Collected data
******************************

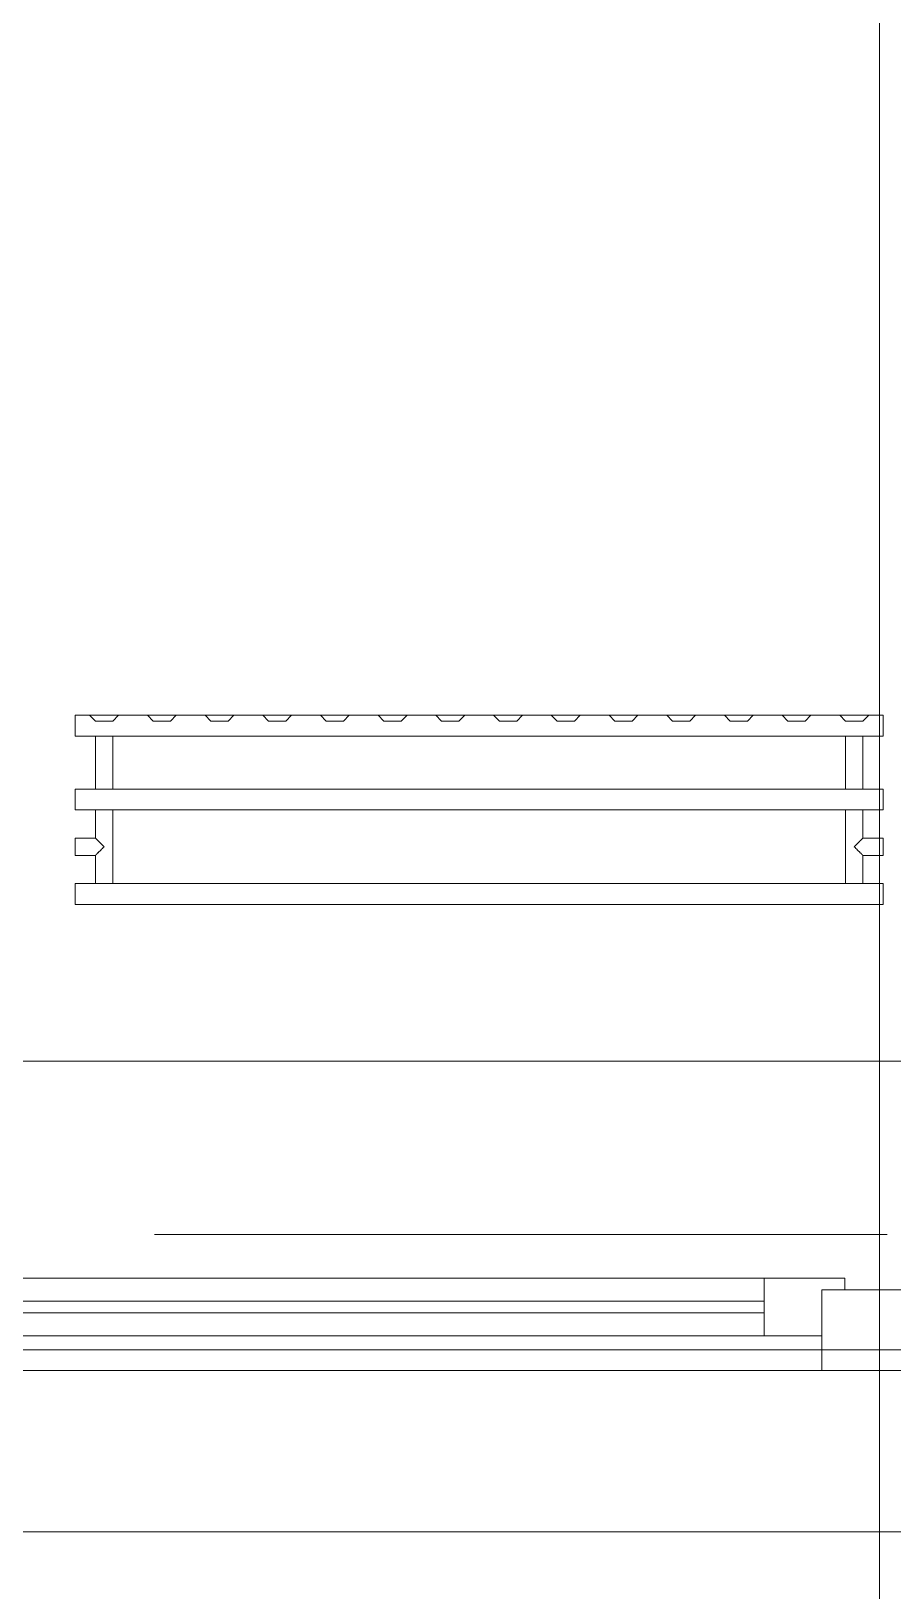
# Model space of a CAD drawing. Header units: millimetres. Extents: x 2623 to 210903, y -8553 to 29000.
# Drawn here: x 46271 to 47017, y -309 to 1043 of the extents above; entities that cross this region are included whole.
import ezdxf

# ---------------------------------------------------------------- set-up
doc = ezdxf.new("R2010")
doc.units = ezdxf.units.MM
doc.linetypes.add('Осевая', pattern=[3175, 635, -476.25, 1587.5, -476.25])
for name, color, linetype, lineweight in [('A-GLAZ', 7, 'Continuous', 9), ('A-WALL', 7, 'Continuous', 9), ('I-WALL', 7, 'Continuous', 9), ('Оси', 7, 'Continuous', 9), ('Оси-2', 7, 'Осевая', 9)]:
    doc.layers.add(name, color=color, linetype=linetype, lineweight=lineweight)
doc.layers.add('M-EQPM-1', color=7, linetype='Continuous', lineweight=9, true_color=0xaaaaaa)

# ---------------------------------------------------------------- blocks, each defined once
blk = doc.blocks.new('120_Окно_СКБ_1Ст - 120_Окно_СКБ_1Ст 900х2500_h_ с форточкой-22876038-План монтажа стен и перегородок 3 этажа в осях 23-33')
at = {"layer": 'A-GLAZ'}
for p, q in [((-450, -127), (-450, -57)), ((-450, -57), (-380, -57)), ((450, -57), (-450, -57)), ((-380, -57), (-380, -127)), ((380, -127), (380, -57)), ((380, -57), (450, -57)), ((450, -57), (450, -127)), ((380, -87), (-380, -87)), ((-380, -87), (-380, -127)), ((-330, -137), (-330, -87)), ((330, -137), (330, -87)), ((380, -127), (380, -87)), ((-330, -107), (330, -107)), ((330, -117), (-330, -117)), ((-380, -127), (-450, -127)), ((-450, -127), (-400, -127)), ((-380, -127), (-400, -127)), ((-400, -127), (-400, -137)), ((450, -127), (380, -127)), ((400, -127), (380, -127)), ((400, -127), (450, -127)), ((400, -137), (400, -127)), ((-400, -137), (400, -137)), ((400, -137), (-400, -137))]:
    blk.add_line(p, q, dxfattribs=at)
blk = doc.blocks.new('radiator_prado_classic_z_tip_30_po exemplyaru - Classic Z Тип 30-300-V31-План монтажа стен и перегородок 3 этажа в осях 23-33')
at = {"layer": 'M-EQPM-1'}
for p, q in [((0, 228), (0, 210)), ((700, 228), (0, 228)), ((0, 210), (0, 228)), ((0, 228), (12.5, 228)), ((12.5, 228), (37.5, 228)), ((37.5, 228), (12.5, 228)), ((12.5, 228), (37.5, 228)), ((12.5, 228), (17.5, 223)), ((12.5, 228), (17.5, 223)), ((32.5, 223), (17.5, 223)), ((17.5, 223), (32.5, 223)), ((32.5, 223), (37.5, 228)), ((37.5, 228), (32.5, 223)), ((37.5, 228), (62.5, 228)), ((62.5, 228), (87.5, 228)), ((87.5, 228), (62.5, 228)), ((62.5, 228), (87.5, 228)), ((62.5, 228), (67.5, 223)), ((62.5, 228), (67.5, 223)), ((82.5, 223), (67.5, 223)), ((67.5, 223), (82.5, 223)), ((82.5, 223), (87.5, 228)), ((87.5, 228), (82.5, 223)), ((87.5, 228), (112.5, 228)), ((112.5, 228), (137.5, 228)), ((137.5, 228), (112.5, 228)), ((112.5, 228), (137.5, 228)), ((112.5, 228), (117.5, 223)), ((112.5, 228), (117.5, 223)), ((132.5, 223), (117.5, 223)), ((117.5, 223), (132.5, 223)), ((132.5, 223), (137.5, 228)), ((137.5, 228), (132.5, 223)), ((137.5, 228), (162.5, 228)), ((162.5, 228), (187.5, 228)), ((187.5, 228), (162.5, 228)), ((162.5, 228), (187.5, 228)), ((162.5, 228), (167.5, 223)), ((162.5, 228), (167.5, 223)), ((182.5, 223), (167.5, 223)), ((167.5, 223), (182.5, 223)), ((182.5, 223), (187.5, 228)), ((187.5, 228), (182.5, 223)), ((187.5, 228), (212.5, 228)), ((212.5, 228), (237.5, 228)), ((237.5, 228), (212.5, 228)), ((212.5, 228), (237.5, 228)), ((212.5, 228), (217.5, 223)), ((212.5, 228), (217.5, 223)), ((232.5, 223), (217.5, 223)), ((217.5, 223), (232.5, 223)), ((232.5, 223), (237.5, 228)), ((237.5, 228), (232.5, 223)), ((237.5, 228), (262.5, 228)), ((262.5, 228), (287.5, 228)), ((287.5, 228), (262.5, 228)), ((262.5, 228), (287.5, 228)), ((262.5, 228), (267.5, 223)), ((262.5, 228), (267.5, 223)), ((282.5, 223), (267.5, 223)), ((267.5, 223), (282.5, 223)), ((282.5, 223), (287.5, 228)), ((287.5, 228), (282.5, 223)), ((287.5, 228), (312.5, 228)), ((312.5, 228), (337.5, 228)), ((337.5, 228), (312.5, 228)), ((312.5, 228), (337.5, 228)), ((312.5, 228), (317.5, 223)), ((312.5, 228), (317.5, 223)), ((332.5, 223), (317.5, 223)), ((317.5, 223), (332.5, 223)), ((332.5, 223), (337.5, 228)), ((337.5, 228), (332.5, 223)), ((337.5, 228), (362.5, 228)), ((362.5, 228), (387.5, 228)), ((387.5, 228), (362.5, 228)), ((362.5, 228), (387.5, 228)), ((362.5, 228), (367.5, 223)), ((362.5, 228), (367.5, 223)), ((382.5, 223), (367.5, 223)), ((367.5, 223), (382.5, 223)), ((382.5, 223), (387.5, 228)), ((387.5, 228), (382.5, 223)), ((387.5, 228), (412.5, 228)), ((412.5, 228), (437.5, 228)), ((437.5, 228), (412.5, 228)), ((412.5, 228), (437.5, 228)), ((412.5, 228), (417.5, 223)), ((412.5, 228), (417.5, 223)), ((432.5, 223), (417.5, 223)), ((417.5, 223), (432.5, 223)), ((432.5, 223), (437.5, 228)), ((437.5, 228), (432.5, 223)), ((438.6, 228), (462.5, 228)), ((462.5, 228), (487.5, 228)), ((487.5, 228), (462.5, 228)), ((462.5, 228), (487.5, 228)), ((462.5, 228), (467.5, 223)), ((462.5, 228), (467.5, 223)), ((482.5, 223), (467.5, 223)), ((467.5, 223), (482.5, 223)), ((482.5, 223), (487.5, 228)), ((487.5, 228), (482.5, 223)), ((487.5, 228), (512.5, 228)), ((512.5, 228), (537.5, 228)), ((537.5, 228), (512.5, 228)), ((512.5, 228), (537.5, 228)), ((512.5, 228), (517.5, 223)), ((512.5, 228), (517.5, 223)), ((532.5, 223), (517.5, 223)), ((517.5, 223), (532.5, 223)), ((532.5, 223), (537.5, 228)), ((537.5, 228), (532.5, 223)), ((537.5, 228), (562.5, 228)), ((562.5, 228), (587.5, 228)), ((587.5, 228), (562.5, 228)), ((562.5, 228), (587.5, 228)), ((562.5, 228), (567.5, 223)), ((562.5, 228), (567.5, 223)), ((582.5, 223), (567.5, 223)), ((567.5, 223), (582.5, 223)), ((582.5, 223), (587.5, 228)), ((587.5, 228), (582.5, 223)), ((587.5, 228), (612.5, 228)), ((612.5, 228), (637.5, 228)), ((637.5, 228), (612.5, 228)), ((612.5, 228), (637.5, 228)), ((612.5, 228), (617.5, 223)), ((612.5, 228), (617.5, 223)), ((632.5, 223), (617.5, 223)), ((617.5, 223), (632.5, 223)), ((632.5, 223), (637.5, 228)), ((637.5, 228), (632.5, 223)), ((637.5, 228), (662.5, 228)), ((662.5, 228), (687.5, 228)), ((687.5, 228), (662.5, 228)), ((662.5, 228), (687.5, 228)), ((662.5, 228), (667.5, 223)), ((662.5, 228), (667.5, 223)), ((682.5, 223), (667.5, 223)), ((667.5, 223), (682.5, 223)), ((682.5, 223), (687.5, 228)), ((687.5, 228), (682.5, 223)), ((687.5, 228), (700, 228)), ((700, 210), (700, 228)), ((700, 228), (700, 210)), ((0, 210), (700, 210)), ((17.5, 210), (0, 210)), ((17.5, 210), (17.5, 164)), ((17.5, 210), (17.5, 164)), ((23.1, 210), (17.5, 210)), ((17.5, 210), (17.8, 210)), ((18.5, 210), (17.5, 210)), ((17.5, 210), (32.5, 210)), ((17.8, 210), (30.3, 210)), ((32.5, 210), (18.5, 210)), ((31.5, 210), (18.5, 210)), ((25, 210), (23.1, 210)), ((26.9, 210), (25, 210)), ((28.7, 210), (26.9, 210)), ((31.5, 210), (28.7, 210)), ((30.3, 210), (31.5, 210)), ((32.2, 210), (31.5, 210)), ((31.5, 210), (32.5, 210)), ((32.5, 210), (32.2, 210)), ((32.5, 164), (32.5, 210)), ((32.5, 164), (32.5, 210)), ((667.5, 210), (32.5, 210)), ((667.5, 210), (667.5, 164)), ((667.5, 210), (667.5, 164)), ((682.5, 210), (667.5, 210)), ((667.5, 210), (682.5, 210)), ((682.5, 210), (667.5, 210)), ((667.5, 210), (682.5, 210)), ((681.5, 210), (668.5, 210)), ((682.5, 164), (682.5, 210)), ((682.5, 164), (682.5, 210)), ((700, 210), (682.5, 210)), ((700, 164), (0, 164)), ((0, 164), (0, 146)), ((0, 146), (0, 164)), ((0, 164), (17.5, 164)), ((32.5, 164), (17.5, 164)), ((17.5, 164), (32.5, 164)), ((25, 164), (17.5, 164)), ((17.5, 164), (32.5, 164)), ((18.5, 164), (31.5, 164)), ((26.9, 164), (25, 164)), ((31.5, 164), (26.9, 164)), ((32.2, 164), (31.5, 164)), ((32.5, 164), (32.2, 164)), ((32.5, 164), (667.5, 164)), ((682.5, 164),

******************************

§ INSTRUCTIONS FOR THE TASK
Above are the entries. Output exactly the lines beginning with the line that has "for name, color, linetype, lineweight" and ending with the line that has "blk = doc.blocks.new('radiator_prado_classic_z_tip_30_po".

§ EXERCISE ANSWER
for name, color, linetype, lineweight in [('A-GLAZ', 7, 'Continuous', 9), ('A-WALL', 7, 'Continuous', 9), ('I-WALL', 7, 'Continuous', 9), ('Оси', 7, 'Continuous', 9), ('Оси-2', 7, 'Осевая', 9)]:
    doc.layers.add(name, color=color, linetype=linetype, lineweight=lineweight)
doc.layers.add('M-EQPM-1', color=7, linetype='Continuous', lineweight=9, true_color=0xaaaaaa)

# ---------------------------------------------------------------- blocks, each defined once
blk = doc.blocks.new('120_Окно_СКБ_1Ст - 120_Окно_СКБ_1Ст 900х2500_h_ с форточкой-22876038-План монтажа стен и перегородок 3 этажа в осях 23-33')
at = {"layer": 'A-GLAZ'}
for p, q in [((-450, -127), (-450, -57)), ((-450, -57), (-380, -57)), ((450, -57), (-450, -57)), ((-380, -57), (-380, -127)), ((380, -127), (380, -57)), ((380, -57), (450, -57)), ((450, -57), (450, -127)), ((380, -87), (-380, -87)), ((-380, -87), (-380, -127)), ((-330, -137), (-330, -87)), ((330, -137), (330, -87)), ((380, -127), (380, -87)), ((-330, -107), (330, -107)), ((330, -117), (-330, -117)), ((-380, -127), (-450, -127)), ((-450, -127), (-400, -127)), ((-380, -127), (-400, -127)), ((-400, -127), (-400, -137)), ((450, -127), (380, -127)), ((400, -127), (380, -127)), ((400, -127), (450, -127)), ((400, -137), (400, -127)), ((-400, -137), (400, -137)), ((400, -137), (-400, -137))]:
    blk.add_line(p, q, dxfattribs=at)
blk = doc.blocks.new('radiator_prado_classic_z_tip_30_po exemplyaru - Classic Z Тип 30-300-V31-План монтажа стен и перегородок 3 этажа в осях 23-33')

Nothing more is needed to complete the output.